Saturday, June 29, 2013

Walker to sign Republican Budget, setting Wisconsin up for Failure. Here's what will Happen....

I missed this important Cap Times/Mike Ivey article back on May 30, that explains in detail why a $650 million budgeted tax cut is the height of irresponsible legislation, propose ironically by a former accountant.

The 2013-2014 budget is game of Jenga, on steroids, using taxpayer money. State Rep. Dale Kooyenga, R-Brookfield grand scheme will only make taxpayers more frustrated and angry, but maybe that’s the point. That allows Republicans to make more cuts later on in support of their failed system. Point 5 in the article explains:
5. Slashing income taxes on the wealthy sets up the state for future revenue shortfalls, which could provide the justification for future cuts in spending on things like education or public employee salaries and benefits.
See…all by design. You might remember when Sen. Albert Darling was asked by a reporter what would happen if the Republican budget failed? She said that they would just have to make more cuts. 

Democrats would be wise to expand beyond the poor job numbers and focus on all the items listed below. We were warned.
1. It is using a one-time surplus based on future projections for a permanent income tax rate reduction: But as the Wisconsin Taxpayers Alliances notes, a lot of that new-found money is primarily due to taxes on non-wage business and investment earnings, in part from a recovering stock market.

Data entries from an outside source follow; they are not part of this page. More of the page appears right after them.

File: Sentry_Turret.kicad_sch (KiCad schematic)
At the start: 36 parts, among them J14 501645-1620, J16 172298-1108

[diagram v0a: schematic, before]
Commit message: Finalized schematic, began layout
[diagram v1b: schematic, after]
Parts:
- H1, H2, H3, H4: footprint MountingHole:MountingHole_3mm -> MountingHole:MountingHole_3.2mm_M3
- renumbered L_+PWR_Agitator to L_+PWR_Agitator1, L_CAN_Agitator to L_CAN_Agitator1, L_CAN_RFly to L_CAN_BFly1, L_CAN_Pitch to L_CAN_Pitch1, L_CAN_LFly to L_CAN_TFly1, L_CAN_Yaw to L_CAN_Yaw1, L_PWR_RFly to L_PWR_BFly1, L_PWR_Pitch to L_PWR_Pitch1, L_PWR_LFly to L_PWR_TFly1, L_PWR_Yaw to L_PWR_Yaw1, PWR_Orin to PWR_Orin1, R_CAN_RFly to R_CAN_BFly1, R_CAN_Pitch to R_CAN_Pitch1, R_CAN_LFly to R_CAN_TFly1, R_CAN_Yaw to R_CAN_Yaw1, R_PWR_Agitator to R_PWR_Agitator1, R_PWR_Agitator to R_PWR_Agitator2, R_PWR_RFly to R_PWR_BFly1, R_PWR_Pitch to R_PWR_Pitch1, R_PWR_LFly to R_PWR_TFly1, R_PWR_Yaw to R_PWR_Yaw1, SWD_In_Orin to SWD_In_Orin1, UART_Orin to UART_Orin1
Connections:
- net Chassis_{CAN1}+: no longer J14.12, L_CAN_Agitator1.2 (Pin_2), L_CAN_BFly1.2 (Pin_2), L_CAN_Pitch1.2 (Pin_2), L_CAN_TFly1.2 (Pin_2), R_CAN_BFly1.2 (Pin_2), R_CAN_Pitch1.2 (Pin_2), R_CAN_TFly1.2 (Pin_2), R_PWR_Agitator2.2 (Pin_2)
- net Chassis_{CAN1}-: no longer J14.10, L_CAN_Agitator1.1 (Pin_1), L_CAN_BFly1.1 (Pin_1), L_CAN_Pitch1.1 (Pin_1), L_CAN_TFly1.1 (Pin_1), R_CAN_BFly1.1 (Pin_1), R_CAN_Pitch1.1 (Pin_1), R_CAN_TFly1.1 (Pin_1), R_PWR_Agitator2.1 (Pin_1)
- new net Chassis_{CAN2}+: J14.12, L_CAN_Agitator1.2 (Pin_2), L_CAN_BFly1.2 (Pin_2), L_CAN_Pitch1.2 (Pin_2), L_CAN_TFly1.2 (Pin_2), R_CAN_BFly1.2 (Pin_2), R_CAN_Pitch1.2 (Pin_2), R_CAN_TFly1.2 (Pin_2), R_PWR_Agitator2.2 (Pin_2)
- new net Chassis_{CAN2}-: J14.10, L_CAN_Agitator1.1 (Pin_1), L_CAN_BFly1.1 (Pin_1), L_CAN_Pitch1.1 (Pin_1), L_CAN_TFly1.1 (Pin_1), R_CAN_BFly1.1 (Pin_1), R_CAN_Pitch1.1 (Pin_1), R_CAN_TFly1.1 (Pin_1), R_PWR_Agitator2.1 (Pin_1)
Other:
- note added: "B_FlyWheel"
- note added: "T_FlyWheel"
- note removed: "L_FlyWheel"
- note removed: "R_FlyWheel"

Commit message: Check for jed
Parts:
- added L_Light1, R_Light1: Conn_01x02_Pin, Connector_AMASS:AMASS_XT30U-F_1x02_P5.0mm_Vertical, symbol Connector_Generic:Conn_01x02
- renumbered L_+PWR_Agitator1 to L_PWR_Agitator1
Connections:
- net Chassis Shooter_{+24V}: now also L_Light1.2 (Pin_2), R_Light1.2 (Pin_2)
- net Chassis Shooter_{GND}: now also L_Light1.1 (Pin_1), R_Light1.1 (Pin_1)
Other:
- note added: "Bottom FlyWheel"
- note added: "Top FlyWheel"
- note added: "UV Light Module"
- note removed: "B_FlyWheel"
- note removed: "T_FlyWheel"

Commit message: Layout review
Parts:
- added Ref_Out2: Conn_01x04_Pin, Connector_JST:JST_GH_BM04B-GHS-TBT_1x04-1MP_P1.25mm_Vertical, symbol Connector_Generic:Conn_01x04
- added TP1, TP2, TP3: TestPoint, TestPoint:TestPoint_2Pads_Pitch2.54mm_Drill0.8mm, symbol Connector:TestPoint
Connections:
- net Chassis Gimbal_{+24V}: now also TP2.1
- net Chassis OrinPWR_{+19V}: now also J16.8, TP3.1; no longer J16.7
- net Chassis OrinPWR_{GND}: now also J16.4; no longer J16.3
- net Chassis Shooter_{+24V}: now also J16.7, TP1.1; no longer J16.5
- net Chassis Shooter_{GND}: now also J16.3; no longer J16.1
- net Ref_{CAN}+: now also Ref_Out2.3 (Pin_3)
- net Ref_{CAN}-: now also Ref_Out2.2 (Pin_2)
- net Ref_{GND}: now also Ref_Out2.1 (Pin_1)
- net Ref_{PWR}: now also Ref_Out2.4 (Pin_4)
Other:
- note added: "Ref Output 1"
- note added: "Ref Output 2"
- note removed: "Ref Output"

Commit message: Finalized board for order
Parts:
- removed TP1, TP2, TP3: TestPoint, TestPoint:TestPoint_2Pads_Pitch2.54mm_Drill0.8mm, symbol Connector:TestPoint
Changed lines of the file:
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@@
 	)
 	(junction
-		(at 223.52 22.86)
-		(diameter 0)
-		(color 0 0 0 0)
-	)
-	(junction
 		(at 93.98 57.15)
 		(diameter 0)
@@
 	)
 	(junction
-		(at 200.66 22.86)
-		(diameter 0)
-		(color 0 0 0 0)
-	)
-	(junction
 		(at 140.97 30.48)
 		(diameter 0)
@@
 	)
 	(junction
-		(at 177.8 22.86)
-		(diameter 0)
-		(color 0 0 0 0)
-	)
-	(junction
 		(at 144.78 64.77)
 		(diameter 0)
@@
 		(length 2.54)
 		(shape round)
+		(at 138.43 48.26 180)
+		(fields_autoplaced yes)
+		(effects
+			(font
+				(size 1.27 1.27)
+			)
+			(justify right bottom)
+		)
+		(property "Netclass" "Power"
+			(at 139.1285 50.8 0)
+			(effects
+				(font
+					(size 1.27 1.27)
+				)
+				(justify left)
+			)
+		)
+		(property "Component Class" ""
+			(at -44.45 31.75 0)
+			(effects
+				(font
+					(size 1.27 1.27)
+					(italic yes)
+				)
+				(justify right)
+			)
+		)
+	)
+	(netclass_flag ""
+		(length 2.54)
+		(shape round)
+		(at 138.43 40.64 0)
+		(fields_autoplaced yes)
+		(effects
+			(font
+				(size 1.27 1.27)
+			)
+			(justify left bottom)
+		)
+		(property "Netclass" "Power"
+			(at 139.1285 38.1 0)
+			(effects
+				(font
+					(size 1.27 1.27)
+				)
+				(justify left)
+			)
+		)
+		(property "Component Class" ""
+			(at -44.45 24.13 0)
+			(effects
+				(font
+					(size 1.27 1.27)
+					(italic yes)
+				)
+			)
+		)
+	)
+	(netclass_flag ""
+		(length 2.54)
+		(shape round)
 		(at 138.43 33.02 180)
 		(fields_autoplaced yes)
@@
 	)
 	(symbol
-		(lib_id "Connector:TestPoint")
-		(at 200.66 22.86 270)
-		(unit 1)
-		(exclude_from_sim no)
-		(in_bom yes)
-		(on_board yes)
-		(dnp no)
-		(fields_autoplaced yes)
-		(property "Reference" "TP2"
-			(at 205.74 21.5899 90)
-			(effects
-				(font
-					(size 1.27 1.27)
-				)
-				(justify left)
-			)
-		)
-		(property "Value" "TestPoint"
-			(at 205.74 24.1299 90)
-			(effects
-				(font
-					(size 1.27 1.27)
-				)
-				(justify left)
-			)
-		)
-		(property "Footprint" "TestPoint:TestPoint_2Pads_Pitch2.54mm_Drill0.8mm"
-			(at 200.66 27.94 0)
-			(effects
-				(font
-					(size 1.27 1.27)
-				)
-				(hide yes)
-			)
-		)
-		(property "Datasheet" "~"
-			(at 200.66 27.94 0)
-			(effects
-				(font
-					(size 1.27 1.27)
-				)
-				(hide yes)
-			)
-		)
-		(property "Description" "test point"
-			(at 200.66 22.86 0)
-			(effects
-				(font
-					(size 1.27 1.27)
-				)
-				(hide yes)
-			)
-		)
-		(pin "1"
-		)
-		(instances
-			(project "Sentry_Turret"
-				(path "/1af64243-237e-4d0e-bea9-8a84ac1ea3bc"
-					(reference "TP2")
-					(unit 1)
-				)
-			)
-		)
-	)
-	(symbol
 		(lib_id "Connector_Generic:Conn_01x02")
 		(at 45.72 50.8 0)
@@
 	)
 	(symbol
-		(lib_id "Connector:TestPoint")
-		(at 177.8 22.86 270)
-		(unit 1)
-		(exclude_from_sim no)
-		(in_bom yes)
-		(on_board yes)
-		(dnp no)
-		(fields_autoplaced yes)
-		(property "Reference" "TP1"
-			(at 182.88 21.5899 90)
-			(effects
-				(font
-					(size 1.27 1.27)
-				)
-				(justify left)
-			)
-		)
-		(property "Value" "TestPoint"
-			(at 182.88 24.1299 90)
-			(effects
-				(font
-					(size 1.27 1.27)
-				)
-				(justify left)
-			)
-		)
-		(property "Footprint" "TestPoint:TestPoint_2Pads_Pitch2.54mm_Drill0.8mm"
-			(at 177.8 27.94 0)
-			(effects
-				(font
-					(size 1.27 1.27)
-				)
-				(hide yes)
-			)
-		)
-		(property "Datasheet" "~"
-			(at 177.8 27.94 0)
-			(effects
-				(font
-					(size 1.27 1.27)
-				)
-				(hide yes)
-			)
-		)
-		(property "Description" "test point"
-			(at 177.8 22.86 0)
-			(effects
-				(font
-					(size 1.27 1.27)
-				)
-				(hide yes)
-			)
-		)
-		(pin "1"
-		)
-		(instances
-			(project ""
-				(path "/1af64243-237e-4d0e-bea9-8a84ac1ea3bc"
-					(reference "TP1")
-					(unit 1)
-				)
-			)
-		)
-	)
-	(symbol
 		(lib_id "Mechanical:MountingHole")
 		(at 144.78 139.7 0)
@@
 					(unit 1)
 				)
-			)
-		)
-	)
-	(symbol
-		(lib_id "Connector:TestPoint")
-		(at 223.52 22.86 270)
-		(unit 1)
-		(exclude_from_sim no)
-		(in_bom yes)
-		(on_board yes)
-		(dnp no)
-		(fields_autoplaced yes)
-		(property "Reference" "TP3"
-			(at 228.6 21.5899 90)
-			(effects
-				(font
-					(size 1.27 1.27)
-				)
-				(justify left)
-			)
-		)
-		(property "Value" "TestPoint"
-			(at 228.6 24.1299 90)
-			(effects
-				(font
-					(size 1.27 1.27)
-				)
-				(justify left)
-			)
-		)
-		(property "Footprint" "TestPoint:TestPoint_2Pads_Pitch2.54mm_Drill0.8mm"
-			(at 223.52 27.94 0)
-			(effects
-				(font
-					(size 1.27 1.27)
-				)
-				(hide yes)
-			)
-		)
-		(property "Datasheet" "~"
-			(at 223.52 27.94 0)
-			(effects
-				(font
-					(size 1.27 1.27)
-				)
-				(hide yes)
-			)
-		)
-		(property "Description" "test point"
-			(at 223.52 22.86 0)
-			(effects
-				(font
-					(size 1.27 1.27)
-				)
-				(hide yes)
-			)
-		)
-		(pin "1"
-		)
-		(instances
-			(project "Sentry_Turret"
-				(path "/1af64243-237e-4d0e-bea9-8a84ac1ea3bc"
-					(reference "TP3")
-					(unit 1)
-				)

In fact, income tax withholding from wages paid to workers has been relatively weak, the LFB reports.

2. It changes what had been a fairly progressive state income tax system and makes it much more regressive: The GOP plan takes what had been five income tax brackets in Wisconsin and reduces that to three, creating a very broad middle bracket that lumps together low-wage earners and CEOs … someone working for $8 an hour at a fast-food restaurant would pay the same effective income rate as a corporate executive making $250,000 — even before the deductions kick in that help the wealthy.
Robert Kraig of Wisconsin Citizen Action notes “This is a stunningly unfair proposal,” he says. “It makes a tax system that is already rigged against the middle class and working Wisconsinites even worse.”
3. The credits being eliminated don’t come anywhere close to making up the projected $787 million in reduced tax collections over the two-year budget: Kooyenga eliminates more than a dozen narrowly-designed tax credits worth about $5 million … Republicans have been cutting things aimed at helping lower-income taxpayers such as the Earned Income Tax Credit or the Homestead Tax Credit. In fact, the last budget cut $56.2 million from EITC, which Ronald Reagan once called “the best anti-poverty, the best pro-family, the best job creation measure to come out of Congress.”

4. Factory and farm owners in Wisconsin are already virtually exempt from state income taxes: An item tucked into Walker’s first budget already provides a tax credit for manufacturing and agriculture business owners in the state, which when fully implemented by 2017 will effectively eliminate income taxes for those specific groups. The “domestic production tax credit” will deliver an estimated $360 million in tax savings to manufacturers over the next four years and some $130 million each year thereafter. Still, critics have called it one of the largest income tax windfalls in state history — and one that few people know much about.